Court Opinion

ID: 3250043
Source: CourtListenerOpinion
Date Created: 2016-07-05 16:21:11.635064+00
Date Added: 2024-06-11T07:40:52.572139
License: Public Domain

Section 2 of the Act of September 29, 1923, p. 704, provides that sheriffs must feed the prisoners in jail according to the terms of that act. Section 3 was amended by one approved September 6, 1927, p. 693, so that the state shall pay the sheriffs "for food for each prisoner daily," not exceeding 45 cents per capita. Section 4 of the Act of 1923 is an amendment of the law contained in Code, § 4828, though not mentioning the Code section, and it was in turn amended in respect to detail *Page 78 
by the Act of 1927, supra, and provides additional compensation for "preparing and serving" the food.
So that the status of the law is that (1) the feeding of prisoners in jail is controlled by the Act of 1923, as amended by the Act of 1927; (2) the state shall pay for the necessary cost of the food, not exceeding 45 cents per day for each prisoner, and for "preparing and serving (the) food" an additional amount as there specified.
Section 4878, Code, relates only to the expense of construction, maintenance, sanitation, healthfulness, and hygiene of the buildings named.

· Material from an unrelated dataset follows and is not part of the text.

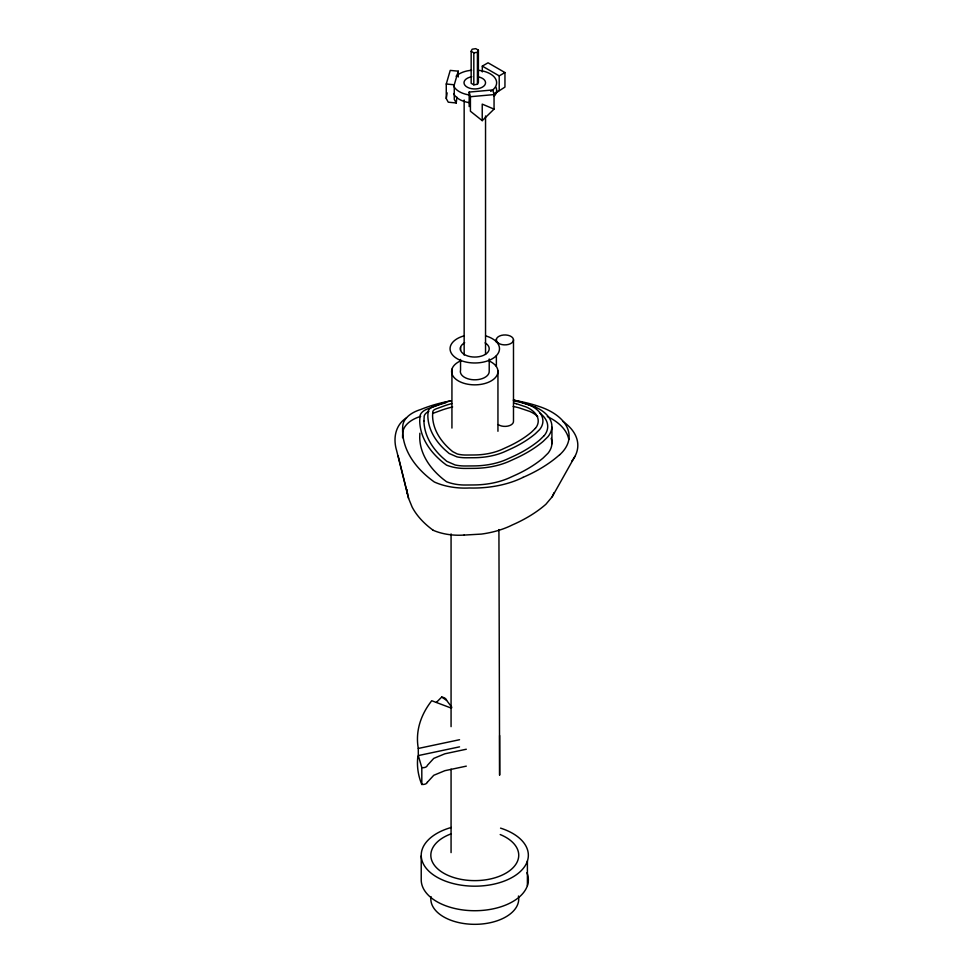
<?xml version="1.0" encoding="UTF-8"?>
<svg xmlns="http://www.w3.org/2000/svg" width="973" height="973" viewBox="0 0 973 973"><rect width="100%" height="100%" fill="white"/><g stroke="black" fill="none" stroke-linecap="round" stroke-linejoin="round"><path stroke-width="1.46" d="M419.862 433.24L419.728 437.595A126.916 73.279 0 0 0 443.068 479.069L446.522 481.72A32.425 18.718 0 0 0 465.763 485.016L473.96 484.955A59.244 34.201 0 0 0 508.952 478.035L515.97 474.836A134.444 77.621 0 0 0 543.116 458.028L548.018 453.236A42.192 24.361 0 0 0 551.156 438.349M423.948 420.981L424.204 416.079A12.454 7.188 0 0 1 428.898 411.36M458.247 76.989L458.247 71.175L450.231 70.397L446.266 84.006L446.266 98.541L448.249 102.189L456.252 102.968L456.921 97.215M446.266 98.541L447.154 92.861M456.252 102.968L454.269 99.319L454.269 84.785L458.247 71.175M464.097 535.089L481.331 534.092A71.905 41.511 0 0 0 512.357 524.934A145.062 83.751 0 0 0 545.902 504.257L552.202 496.765L554.014 492.752M471.163 51.301L472.136 49.209L475.748 48.65L478.4 50.182L478.4 82.182L477.427 84.274L473.815 84.833L471.163 83.301L471.163 51.301L473.815 52.822L477.427 52.262L478.4 50.182M552.202 496.765L574.897 456.41M427.378 782.231L433.751 775.286L444.868 770.689L466.31 766.14M406.532 417.806C395.257 424.958 392.97 438.47 396.595 450.463L408.587 498.371L412.102 506.982A121.138 69.947 0 0 0 433.107 530.212M535.357 428.375L531.526 432.109A116.359 67.173 0 0 1 508.028 446.656L501.667 449.562A46.424 26.794 0 0 1 474.24 454.975L466.493 455.036A21.406 12.357 0 0 1 457.322 453.99L452.7 451.63A109.341 63.136 0 0 1 432.584 415.885L432.79 411.737A6.835 3.953 0 0 1 435.843 408.952L445.293 405.51A77.366 44.661 0 0 1 451.825 403.552M544.187 435.612L539.638 440.051A130.212 75.176 0 0 1 513.33 456.337L506.398 459.499A55.023 31.768 0 0 1 473.9 465.921L465.641 465.982A28.12 16.237 0 0 1 455.218 464.997L446.777 461.324L442.399 457.505A122.634 70.81 0 0 1 423.936 420.981M436.403 702.384L441.693 697.082L446.571 700.317L451.849 707.298M469.181 92.07L470.421 96.704L470.421 111.238L482.231 120.64L494.053 109.122L494.053 94.588L492.812 89.954L469.181 92.07L469.181 106.604M494.381 93.59L499.21 90.404L499.21 75.87L482.304 66.115L482.304 71.929M482.304 66.115L488.045 62.795L504.951 72.561L504.951 87.084L494.211 93.992M499.21 75.87L504.951 72.561M442.922 403.126L433.265 406.653A11.591 6.689 0 0 0 428.084 411.372L427.852 415.921A114.06 65.848 0 0 0 445.014 449.891L449.088 453.442L456.933 456.86A26.149 15.094 0 0 0 466.626 457.772L474.313 457.724A51.168 29.543 0 0 0 504.537 451.752L510.983 448.808A121.102 69.922 0 0 0 535.442 433.654L539.674 429.531A35.296 20.384 0 0 0 529.203 404.877L518.317 401.204A82.121 47.409 0 0 0 513.963 400.158M438.045 405.109L427.475 408.952A16.687 9.633 0 0 0 420.008 415.751L419.728 421.005A126.916 73.279 0 0 0 443.068 462.479L446.522 465.13A32.425 18.718 0 0 0 465.763 468.427L473.96 468.366A59.244 34.201 0 0 0 508.952 461.445L515.97 458.247A134.444 77.621 0 0 0 543.116 441.426L548.018 436.646A42.192 24.361 0 0 0 535.527 407.176M432.547 413.489L442.715 409.779A83.192 48.03 0 0 1 452.64 406.945M466.31 749.234L444.868 753.795L433.751 758.393L427.378 765.337A4.5 2.603 0 0 1 421.808 767.636L421.808 784.53A161.263 93.104 0 0 1 417.855 756.605M421.808 767.636L418.293 755.583L418.293 748.456L459.536 739.723M418.293 755.583L459.536 746.85M470.421 96.704L494.053 94.588M446.266 84.006L454.269 84.785M522.988 402.944L535.564 407.152M516.322 403.698L526.32 407.018A30.54 17.636 0 0 1 535.405 428.388M451.521 708.186L431.732 700.73A161.263 93.104 0 0 0 418.293 748.456M494.053 109.122L482.231 104.123L482.231 120.64M398.139 455.887L408.587 498.371M406.909 489.528L407.517 493.968M498.918 529.58L499.623 775.201L499.623 735.466M551.922 427.196L551.922 443.785M527.402 861.02L527.402 885.564M513.489 339.65L513.489 421.175A8.611 4.974 0 0 1 507.967 426.077A8.611 4.974 0 0 1 498.2 424.556M497.945 370.92L497.945 431.282M496.376 339.139L496.376 342.155M496.376 355.741L496.376 366.31M489.212 358.988L489.212 371.127A14.449 8.343 0 0 1 473.851 379.786A14.449 8.343 0 0 1 460.545 370.068L460.545 359.451M485.539 115.982L485.539 354.354M477.427 52.262L477.427 84.274M473.815 52.822L473.815 84.833M464.157 100.012L464.157 355.072M460.545 347.312L460.545 350.353M451.934 369.217L451.934 428.071M451.071 533.909L451.071 726.649M451.071 769.144L451.071 852.616M421.224 855.924L421.224 880.456A53.564 30.929 0 0 0 481.538 910.473A53.564 30.929 0 0 0 526.928 872.708M500.207 834.542A43.955 25.383 0 0 1 507.115 872.44A43.955 25.383 0 0 1 441.134 871.577A43.955 25.383 0 0 1 451.01 833.897M500.548 828.132A53.564 30.929 0 0 1 515.52 875.335A53.564 30.929 0 0 1 432.438 874.192A53.564 30.929 0 0 1 451.265 827.464M518.439 896.011A43.955 25.383 0 0 1 475.286 924.326A43.955 25.383 0 0 1 431.015 896.595M464.085 535.053A42.617 24.605 0 0 1 433.07 530.236M562.637 421.224A65.106 37.594 0 0 1 571.808 461.129M489.577 361.165A23.182 13.379 0 0 1 491.353 380.82A23.182 13.379 0 0 1 457.274 380.236A23.182 13.379 0 0 1 461.068 360.679M559.803 454.671A59.329 34.25 0 0 0 539.419 406.58A109.681 63.318 0 0 0 513.282 400.183M451.314 400.767A109.681 63.318 0 0 0 420.64 409.536A33.836 19.533 0 0 0 402.761 425.882A144.028 83.155 0 0 0 434.323 481.988A49.562 28.606 0 0 0 469.327 487.984A76.393 44.101 0 0 0 523.073 477.366M559.73 454.646A151.569 87.509 0 0 1 523.06 477.354M547.3 416.529A59.329 34.25 0 0 1 568.791 439.492M420.689 416.383A33.836 19.533 0 0 0 402.761 432.693A144.028 83.155 0 0 0 402.579 437.704M438.02 405.084A92.52 53.418 0 0 1 445.865 402.761M514.766 401.034A92.52 53.418 0 0 1 522.963 402.968M540.112 413.306A37.959 21.917 0 0 1 544.235 435.624M537.68 416.48A32.839 18.961 0 0 0 529.786 411.433L519.083 407.833A83.192 48.03 0 0 0 513.172 406.434M442.897 403.102A82.121 47.409 0 0 1 449.854 401.046M513.598 403.029A77.366 44.661 0 0 1 516.31 403.722M485.101 342.885A14.449 8.343 0 0 1 484.882 354.671A14.449 8.343 0 0 1 464.449 354.549A14.449 8.343 0 0 1 464.68 342.751M485.588 335.88A24.714 14.267 0 0 1 494.041 357.65A24.714 14.267 0 0 1 455.413 357.578A24.714 14.267 0 0 1 464.121 335.843M477.67 70.238A21.856 12.613 0 0 1 495.366 78.509A21.856 12.613 0 0 1 490.696 91.389M468.877 94.892A21.856 12.613 0 0 1 453.613 85.867M456.094 76.198A21.856 12.613 0 0 1 471.613 70.263M477.682 76.758A10.776 6.215 0 0 1 483.605 86.305A10.776 6.215 0 0 1 466.031 86.366A10.776 6.215 0 0 1 471.759 76.77M495.95 87.302A21.856 12.613 0 0 1 494.126 96.303M468.877 102.579A21.856 12.613 0 0 1 453.613 93.554M427.378 782.097A4.5 2.603 0 0 1 421.808 784.396M441.693 697.082A6.373 3.673 0 0 1 446.571 700.317M498.2 343.043A8.611 4.974 0 0 0 512.929 341.693A8.611 4.974 0 0 0 503.54 335.004A8.611 4.974 0 0 0 498.2 343.043"/></g></svg>

The term "maintenance" there has no relation to the prisoners, but to the jail and its equipment. That term so used would no more require the county to furnish fuel to cook the food than to furnish the food itself. To extend it beyond maintenance of the building and its equipment would go beyond its language, and its setting, and be contrary to the terms of the Acts of 1923 and 1927, supra.
The provision of section 4 of the Act of 1923, as amended in 1927, that the state shall pay a stipulated amount for "preparing and serving" the food, necessarily means the preparation for its service, as well as its service, and that includes the fuel for cooking as well as the cook, since it is not prepared for service until it is cooked, when cooking is necessary to its consumption as food.
Moreover, the Act of 1923 excludes the idea that the expense, or any of it, shall be otherwise paid than as there stated.
We concur in the opinion of the Court of Appeals, and certiorari is denied.
Writ denied.
THOMAS, BOULDIN, and KNIGHT, JJ., concur.